Rachel, «modèle d’espérance dans les larmes» affirme le pape

Poursuivant son cycle de catéchèse sur le thème de l’espérance chrétienne, le pape François s’est appuyé sur la figure de Rachel, «modèle d’espérance dans les larmes», lors de l’audience générale du 4 janvier 2017.

Rachel a perdu pour toujours ses enfants, ils «ne sont plus»: cette figure de la Bible représente «la souffrance de toutes les mères du monde qui vivent une perte irréparable», a estimé le pape François. «Rachel ne veut pas être consolée», et selon lui, «ce refus exprime la profondeur et l’amertume de ses larmes».

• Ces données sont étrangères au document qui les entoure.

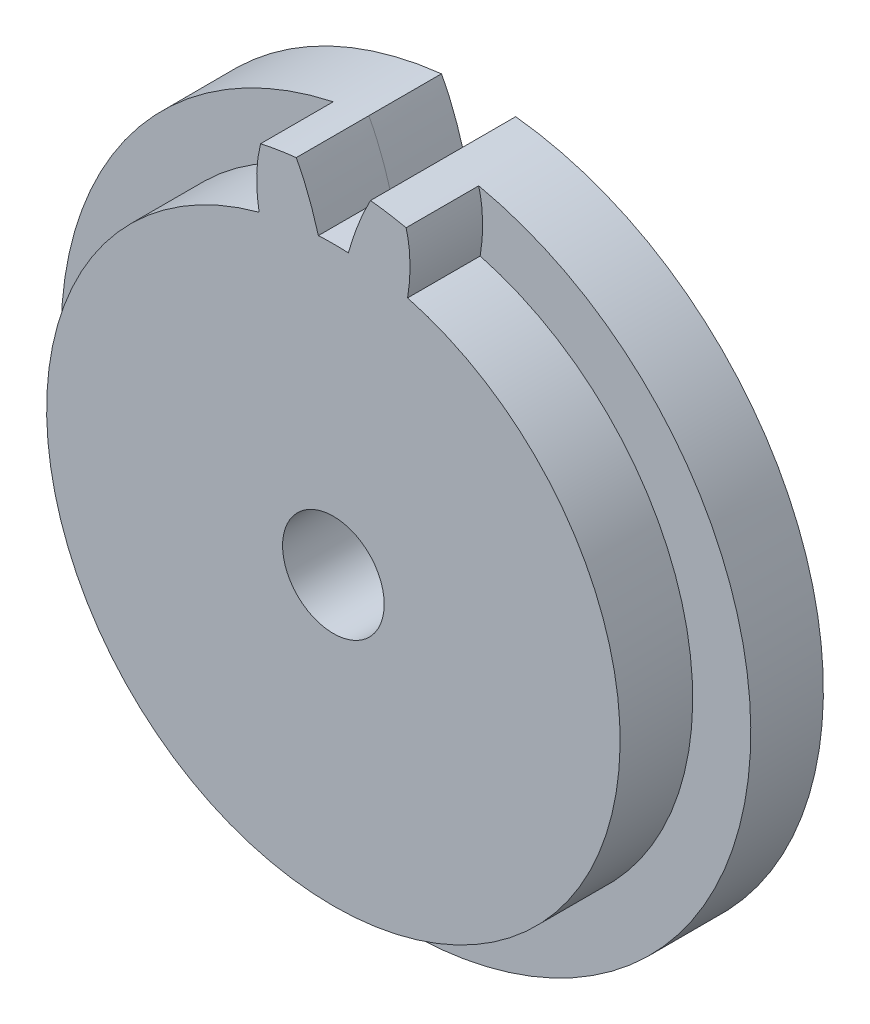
ISO-10303-21;
HEADER;
FILE_DESCRIPTION(('STEP AP214'),'2;1');
FILE_NAME('part.step','',(''),(''),'','','');
FILE_SCHEMA(('AUTOMOTIVE_DESIGN { 1 0 10303 214 1 1 1 1 }'));
ENDSEC;
DATA;
#1=APPLICATION_CONTEXT('core data for automotive mechanical design processes');
#2=APPLICATION_PROTOCOL_DEFINITION('international standard','automotive_design',2000,#1);
#3=PRODUCT_CONTEXT('',#1,'mechanical');
#4=PRODUCT('Part','Part','',(#3));
#5=PRODUCT_RELATED_PRODUCT_CATEGORY('part','',(#4));
#6=PRODUCT_DEFINITION_FORMATION('','',#4);
#7=PRODUCT_DEFINITION_CONTEXT('part definition',#1,'design');
#8=PRODUCT_DEFINITION('design','',#6,#7);
#9=PRODUCT_DEFINITION_SHAPE('','',#8);
#10=(LENGTH_UNIT() NAMED_UNIT(*) SI_UNIT(.MILLI.,.METRE.));
#11=(NAMED_UNIT(*) PLANE_ANGLE_UNIT() SI_UNIT($,.RADIAN.));
#12=(NAMED_UNIT(*) SI_UNIT($,.STERADIAN.) SOLID_ANGLE_UNIT());
#13=UNCERTAINTY_MEASURE_WITH_UNIT(LENGTH_MEASURE(1.E-05),#10,'distance_accuracy_value','');
#14=(GEOMETRIC_REPRESENTATION_CONTEXT(3) GLOBAL_UNCERTAINTY_ASSIGNED_CONTEXT((#13)) GLOBAL_UNIT_ASSIGNED_CONTEXT((#10,
#11,#12)) REPRESENTATION_CONTEXT('',''));
#15=CARTESIAN_POINT('',(0.,0.,0.));
#16=DIRECTION('',(0.,0.,1.));
#17=DIRECTION('',(1.,0.,0.));
#18=AXIS2_PLACEMENT_3D('',#15,#16,#17);
#19=CARTESIAN_POINT('',(12.1495006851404,53.7375451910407,10.));
#20=DIRECTION('',(0.,0.,1.));
#21=DIRECTION('',(1.,0.,0.));
#22=AXIS2_PLACEMENT_3D('',#19,#20,#21);
#23=PLANE('',#22);
#24=CARTESIAN_POINT('',(0.,0.,10.));
#25=DIRECTION('',(0.,0.,1.));
#26=DIRECTION('',(1.,0.,0.));
#27=AXIS2_PLACEMENT_3D('',#24,#25,#26);
#28=CIRCLE('',#27,7.);
#29=CARTESIAN_POINT('',(7.,0.,10.));
#30=VERTEX_POINT('',#29);
#31=EDGE_CURVE('E182',#30,#30,#28,.T.);
#32=ORIENTED_EDGE('',*,*,#31,.F.);
#33=EDGE_LOOP('',(#32));
#34=FACE_BOUND('',#33,.T.);
#35=CARTESIAN_POINT('',(-917633.818479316,-397396.030472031,10.));
#36=CARTESIAN_POINT('',(919840.606993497,392362.697146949,10.));
#37=CARTESIAN_POINT('',(-922010.335510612,-387134.716391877,10.));
#38=B_SPLINE_CURVE_WITH_KNOTS('',2,(#35,#36,#37),.UNSPECIFIED.,.F.,.F.,(3,3),(0.,1.),.UNSPECIFIED.);
#39=CARTESIAN_POINT('',(10.2233522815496,38.1540701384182,10.));
#40=VERTEX_POINT('',#39);
#41=CARTESIAN_POINT('',(10.023741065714,46.4303199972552,10.));
#42=VERTEX_POINT('',#41);
#43=EDGE_CURVE('E167',#40,#42,#38,.T.);
#44=ORIENTED_EDGE('',*,*,#43,.T.);
#45=CARTESIAN_POINT('',(0.,0.,10.));
#46=DIRECTION('',(0.,0.,1.));
#47=DIRECTION('',(1.,0.,0.));
#48=AXIS2_PLACEMENT_3D('',#45,#46,#47);
#49=CIRCLE('',#48,47.5);
#50=CARTESIAN_POINT('',(5.1154310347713,47.2237478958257,10.));
#51=VERTEX_POINT('',#50);
#52=EDGE_CURVE('E293',#42,#51,#49,.T.);
#53=ORIENTED_EDGE('',*,*,#52,.T.);
#54=CARTESIAN_POINT('',(285380.383929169,-958373.211537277,10.));
#55=CARTESIAN_POINT('',(-281371.053634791,959649.221586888,10.));
#56=CARTESIAN_POINT('',(277410.321343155,-960710.281455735,10.));
#57=B_SPLINE_CURVE_WITH_KNOTS('',2,(#54,#55,#56),.UNSPECIFIED.,.F.,.F.,(3,3),(0.,1.),.UNSPECIFIED.);
#58=CARTESIAN_POINT('',(2.06727027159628,39.4458666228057,10.));
#59=VERTEX_POINT('',#58);
#60=EDGE_CURVE('E208',#51,#59,#57,.T.);
#61=ORIENTED_EDGE('',*,*,#60,.T.);
#62=CARTESIAN_POINT('',(0.,0.,10.));
#63=DIRECTION('',(0.,0.,1.));
#64=DIRECTION('',(1.,0.,0.));
#65=AXIS2_PLACEMENT_3D('',#62,#63,#64);
#66=CIRCLE('',#65,39.5);
#67=CARTESIAN_POINT('',(-2.06727027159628,39.4458666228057,10.));
#68=VERTEX_POINT('',#67);
#69=EDGE_CURVE('E226',#59,#68,#66,.T.);
#70=ORIENTED_EDGE('',*,*,#69,.T.);
#71=CARTESIAN_POINT('',(-277410.321343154,-960710.281455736,10.));
#72=CARTESIAN_POINT('',(281371.053634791,959649.221586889,10.));
#73=CARTESIAN_POINT('',(-285380.383929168,-958373.211537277,10.));
#74=B_SPLINE_CURVE_WITH_KNOTS('',2,(#71,#72,#73),.UNSPECIFIED.,.F.,.F.,(3,3),(0.,1.),.UNSPECIFIED.);
#75=CARTESIAN_POINT('',(-5.11543103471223,47.2237478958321,10.));
#76=VERTEX_POINT('',#75);
#77=EDGE_CURVE('E242',#68,#76,#74,.T.);
#78=ORIENTED_EDGE('',*,*,#77,.T.);
#79=CARTESIAN_POINT('',(-10.023741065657,46.4303199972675,10.));
#80=VERTEX_POINT('',#79);
#81=EDGE_CURVE('E295',#76,#80,#49,.T.);
#82=ORIENTED_EDGE('',*,*,#81,.T.);
#83=CARTESIAN_POINT('',(922010.335510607,-387134.71639189,10.));
#84=CARTESIAN_POINT('',(-919840.606993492,392362.697146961,10.));
#85=CARTESIAN_POINT('',(917633.818479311,-397396.030472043,10.));
#86=B_SPLINE_CURVE_WITH_KNOTS('',2,(#83,#84,#85),.UNSPECIFIED.,.F.,.F.,(3,3),(0.,1.),.UNSPECIFIED.);
#87=CARTESIAN_POINT('',(-10.2233522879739,38.1540701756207,10.));
#88=VERTEX_POINT('',#87);
#89=EDGE_CURVE('E247',#80,#88,#86,.T.);
#90=ORIENTED_EDGE('',*,*,#89,.T.);
#91=CARTESIAN_POINT('',(0.,0.,10.));
#92=DIRECTION('',(0.,0.,1.));
#93=DIRECTION('',(1.,0.,0.));
#94=AXIS2_PLACEMENT_3D('',#91,#92,#93);
#95=CIRCLE('',#94,39.5);
#96=EDGE_CURVE('E56',#88,#40,#95,.T.);
#97=ORIENTED_EDGE('',*,*,#96,.T.);
#98=EDGE_LOOP('',(#44,#53,#61,#70,#78,#82,#90,#97));
#99=FACE_BOUND('',#98,.T.);
#100=ADVANCED_FACE('F33',(#34,#99),#23,.T.);
#101=DIRECTION('',(0.,0.,-1.));
#102=VECTOR('',#101,1.);
#103=SURFACE_OF_LINEAR_EXTRUSION('',#57,#102);
#104=DIRECTION('',(0.,0.,-1.));
#105=VECTOR('',#104,1.);
#106=CARTESIAN_POINT('',(5.11543103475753,47.2237478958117,10.));
#107=LINE('',#106,#105);
#108=CARTESIAN_POINT('',(5.11543103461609,47.2237478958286,0.));
#109=VERTEX_POINT('',#108);
#110=EDGE_CURVE('E123',#109,#51,#107,.F.);
#111=ORIENTED_EDGE('',*,*,#110,.F.);
#112=CARTESIAN_POINT('',(285380.383929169,-958373.211537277,0.));
#113=CARTESIAN_POINT('',(-281371.053634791,959649.221586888,0.));
#114=CARTESIAN_POINT('',(277410.321343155,-960710.281455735,0.));
#115=B_SPLINE_CURVE_WITH_KNOTS('',2,(#112,#113,#114),.UNSPECIFIED.,.F.,.F.,(3,3),(0.,1.),.UNSPECIFIED.);
#116=CARTESIAN_POINT('',(2.06727027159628,39.4458666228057,0.));
#117=VERTEX_POINT('',#116);
#118=EDGE_CURVE('E122',#109,#117,#115,.T.);
#119=ORIENTED_EDGE('',*,*,#118,.T.);
#120=DIRECTION('',(0.,0.,-1.));
#121=VECTOR('',#120,1.);
#122=CARTESIAN_POINT('',(2.06727027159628,39.4458666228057,10.));
#123=LINE('',#122,#121);
#124=EDGE_CURVE('E42',#59,#117,#123,.T.);
#125=ORIENTED_EDGE('',*,*,#124,.F.);
#126=ORIENTED_EDGE('',*,*,#60,.F.);
#127=EDGE_LOOP('',(#111,#119,#125,#126));
#128=FACE_BOUND('',#127,.T.);
#129=ADVANCED_FACE('F35',(#128),#103,.F.);
#130=DIRECTION('',(0.,0.,-1.));
#131=VECTOR('',#130,1.);
#132=SURFACE_OF_LINEAR_EXTRUSION('',#74,#131);
#133=DIRECTION('',(0.,0.,-1.));
#134=VECTOR('',#133,1.);
#135=CARTESIAN_POINT('',(-5.11543103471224,47.2237478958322,10.));
#136=LINE('',#135,#134);
#137=CARTESIAN_POINT('',(-5.11543103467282,47.2237478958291,0.));
#138=VERTEX_POINT('',#137);
#139=EDGE_CURVE('E124',#76,#138,#136,.T.);
#140=ORIENTED_EDGE('',*,*,#139,.F.);
#141=ORIENTED_EDGE('',*,*,#77,.F.);
#142=DIRECTION('',(0.,0.,-1.));
#143=VECTOR('',#142,1.);
#144=CARTESIAN_POINT('',(-2.06727027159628,39.4458666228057,10.));
#145=LINE('',#144,#143);
#146=CARTESIAN_POINT('',(-2.06727026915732,39.4458666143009,0.));
#147=VERTEX_POINT('',#146);
#148=EDGE_CURVE('E217',#68,#147,#145,.T.);
#149=ORIENTED_EDGE('',*,*,#148,.T.);
#150=CARTESIAN_POINT('',(-277410.321343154,-960710.281455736,0.));
#151=CARTESIAN_POINT('',(281371.053634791,959649.221586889,0.));
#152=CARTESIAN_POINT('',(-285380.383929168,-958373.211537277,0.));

Rachel est un personnage de la Genèse. Elle est la cousine et la seconde femme de Jacob. Elle est également la fille de Laban et la sœur de Léa. Tout d’abord durement éprouvée par sa stérilité, Dieu lui accorde finalement de donner naissance à deux enfants: Joseph et Benjamin.

«Il faut s’unir aux pleurs» de celui qui souffre pour «essuyer les larmes de son visage», a recommandé le pape, avant de sortir de son texte: «et si je ne peux pas, il vaut mieux garder le silence et s’en tenir aux caresses et aux gestes». Ainsi Dieu, «avec sa délicatesse et son amour», répond-il aux pleurs de Rachel par des paroles de vérité, par la promesse porteuse de consolation qu’elle aura une descendance et que celle-ci reviendra d’exil. «Les larmes ont généré de l’espérance», a souligné le pape.

La consolation du Christ naît des pleurs

Le pontife a fait remarquer que cette figure de Rachel a ensuite été reprise par saint Matthieu, lorsqu’il est question dans son évangile de la persécution des saints Innocents, tués par Hérode à cause de la naissance de Jésus. «Et lui, Agneau innocent, devait mourir à son tour pour tous», a expliqué le pape François.

«Le fils de Dieu est entré dans la douleur des hommes (…) sa parole est définitivement parole de consolation, parce qu’elle naît des pleurs», a-t-il précisé. «Quand quelqu’un me dit pourquoi souffrent les enfants, je ne sais quoi répondre», a réagi spontanément le pape François, «je dis seulement: regarde le crucifix, lui aussi a souffert».

«Voir l’amour de Dieu qui a offert son fils pour nous, a-t-il souligné, nous indique quelques voies de consolation». «Sur la croix ce sera lui le fils mourant qui donnera une nouvelle fécondité à sa mère», a expliqué le pontife. A l’instar de Rachel, a-t-il insisté, les pleurs de la Vierge Marie «ont suscité l’espérance et la vie nouvelle».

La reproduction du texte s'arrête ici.